Small unexpected events like these occur in a bell curve shape (called a normal distribution in statistics). Creating random numbers that conform to such a complex shape may seem like a duanting task, but it really isn't. Since our rnd() function already produces nicely uniform "unexpected" events, we don't need a statistics textbook formula to generate normally distributed random numbers.
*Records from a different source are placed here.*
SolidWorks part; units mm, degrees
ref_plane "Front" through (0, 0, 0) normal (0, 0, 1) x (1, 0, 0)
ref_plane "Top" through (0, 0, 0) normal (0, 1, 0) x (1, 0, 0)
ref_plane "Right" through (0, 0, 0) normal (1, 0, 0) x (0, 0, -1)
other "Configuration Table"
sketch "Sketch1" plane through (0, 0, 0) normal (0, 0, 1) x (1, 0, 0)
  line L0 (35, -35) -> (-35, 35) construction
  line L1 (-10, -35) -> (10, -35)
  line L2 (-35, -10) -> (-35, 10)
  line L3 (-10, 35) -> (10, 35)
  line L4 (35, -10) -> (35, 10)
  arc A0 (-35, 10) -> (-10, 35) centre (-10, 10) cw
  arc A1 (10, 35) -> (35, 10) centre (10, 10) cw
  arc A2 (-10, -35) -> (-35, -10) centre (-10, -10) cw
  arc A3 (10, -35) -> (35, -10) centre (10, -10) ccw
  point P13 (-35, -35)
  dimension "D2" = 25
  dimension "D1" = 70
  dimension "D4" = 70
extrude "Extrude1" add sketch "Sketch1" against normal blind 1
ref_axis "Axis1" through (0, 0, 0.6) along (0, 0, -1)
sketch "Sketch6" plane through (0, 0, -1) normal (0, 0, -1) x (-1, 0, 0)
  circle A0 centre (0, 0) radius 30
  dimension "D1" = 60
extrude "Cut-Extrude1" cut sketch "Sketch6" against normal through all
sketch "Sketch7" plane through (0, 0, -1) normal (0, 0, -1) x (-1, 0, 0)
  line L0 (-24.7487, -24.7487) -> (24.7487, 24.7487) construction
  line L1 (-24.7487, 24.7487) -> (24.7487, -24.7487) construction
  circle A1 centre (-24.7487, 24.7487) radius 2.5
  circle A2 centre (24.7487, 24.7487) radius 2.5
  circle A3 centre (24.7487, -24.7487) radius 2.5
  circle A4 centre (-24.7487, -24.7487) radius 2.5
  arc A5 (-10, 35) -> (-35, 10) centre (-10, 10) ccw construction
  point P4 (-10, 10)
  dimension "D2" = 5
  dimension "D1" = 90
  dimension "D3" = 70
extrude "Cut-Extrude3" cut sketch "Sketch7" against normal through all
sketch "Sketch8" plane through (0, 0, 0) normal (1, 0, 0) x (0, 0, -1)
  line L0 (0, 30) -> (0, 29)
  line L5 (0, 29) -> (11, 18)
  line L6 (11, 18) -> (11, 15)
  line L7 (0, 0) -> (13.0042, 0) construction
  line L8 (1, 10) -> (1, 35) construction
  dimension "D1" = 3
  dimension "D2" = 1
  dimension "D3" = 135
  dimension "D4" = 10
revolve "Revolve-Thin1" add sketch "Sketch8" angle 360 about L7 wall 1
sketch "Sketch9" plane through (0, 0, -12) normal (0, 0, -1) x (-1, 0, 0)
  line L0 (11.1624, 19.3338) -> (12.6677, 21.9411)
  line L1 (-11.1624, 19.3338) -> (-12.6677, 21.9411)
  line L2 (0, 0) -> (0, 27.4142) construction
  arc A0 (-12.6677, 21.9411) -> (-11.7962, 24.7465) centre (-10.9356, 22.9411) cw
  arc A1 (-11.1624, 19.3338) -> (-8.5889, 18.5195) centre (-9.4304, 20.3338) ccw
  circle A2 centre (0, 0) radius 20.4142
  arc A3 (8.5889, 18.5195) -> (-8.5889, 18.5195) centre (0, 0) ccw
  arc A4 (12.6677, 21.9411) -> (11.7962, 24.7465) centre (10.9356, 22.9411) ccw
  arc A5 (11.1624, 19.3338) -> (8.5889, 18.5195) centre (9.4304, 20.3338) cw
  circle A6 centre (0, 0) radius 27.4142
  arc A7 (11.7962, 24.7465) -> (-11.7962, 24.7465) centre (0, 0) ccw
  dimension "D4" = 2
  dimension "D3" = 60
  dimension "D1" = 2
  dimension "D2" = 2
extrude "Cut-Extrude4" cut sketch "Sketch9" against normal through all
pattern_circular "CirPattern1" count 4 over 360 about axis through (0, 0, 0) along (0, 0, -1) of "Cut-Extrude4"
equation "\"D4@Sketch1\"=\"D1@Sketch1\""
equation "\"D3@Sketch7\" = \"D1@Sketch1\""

All we need to do is call rnd() a few times and take the average, simulating a normal distribution.
int normal_rnd( int max ) {
return (rnd( max ) + rnd( max ) + rnd( max ) + rnd( max ) +
rnd( max ) + rnd( max ) + rnd( max ) + rnd( max ) ) / 8;
}
Using normal_rnd() in the test function, we get values that are clustered at the mid-point between 1 and max:
for normal_rnd(), graph[1..10] is 0 0 4 26 37 23 10 0 0 0
Normal random numbers can be used to make a game more life-like, making enemy behaviour less erratic.
For numbers skewed toward the low end of the range, we can create a low_rnd() which favours numbers near 1.
int low_rnd( int max ) {
int candidate;
candidate = rnd( max );
if ( rnd( 2 ) == 1 )
return candidate;
else if ( max > 1 )
return low_rnd( max / 2 );
else
return 1;
}
In each recursion, low_rnd() splits the range in half, favoring the lower half of the range. By deducting a low random number from the top of the range, we could write a corresponding high_rnd() favoring numbers near the max:
int high_rnd( int max ) {
return max - low_rnd( max ) + 1;
}
The skewing is easily seen when using the test program:
for low_rnd(), graph[1..10] is 36 15 11 8 9 3 4 3 3 8
for high_rnd(), graph[1..10] is 4 5 8 5 4 10 6 10 14 34
Arbitrary branches in logic can be done with a odds() function.
int odds( int percent ) {
if ( percent <= 0 )
return 0;
else if ( percent > 100 )
return 1;
else if ( rnd( 100 ) <= percent )
return 1;
return 0;
}
This function is true the specified percentage of the time making it easy to incorporate into an if statement.
if ( odds( 50 ) )
printf( "The cave did not collapse!\n" )
else
printf( "Ouch! You are squashed beneath a mountain of boulders.\n" );
The standard C library rand() and random() functions provide a program with uniformly distributed random numbers. The sequence and precision can be controlled by other library functions and the distribution of numbers can be altered by simple functions. Random numbers can add unpredictability to a program and are, of course, the backbone to exciting play in computer games.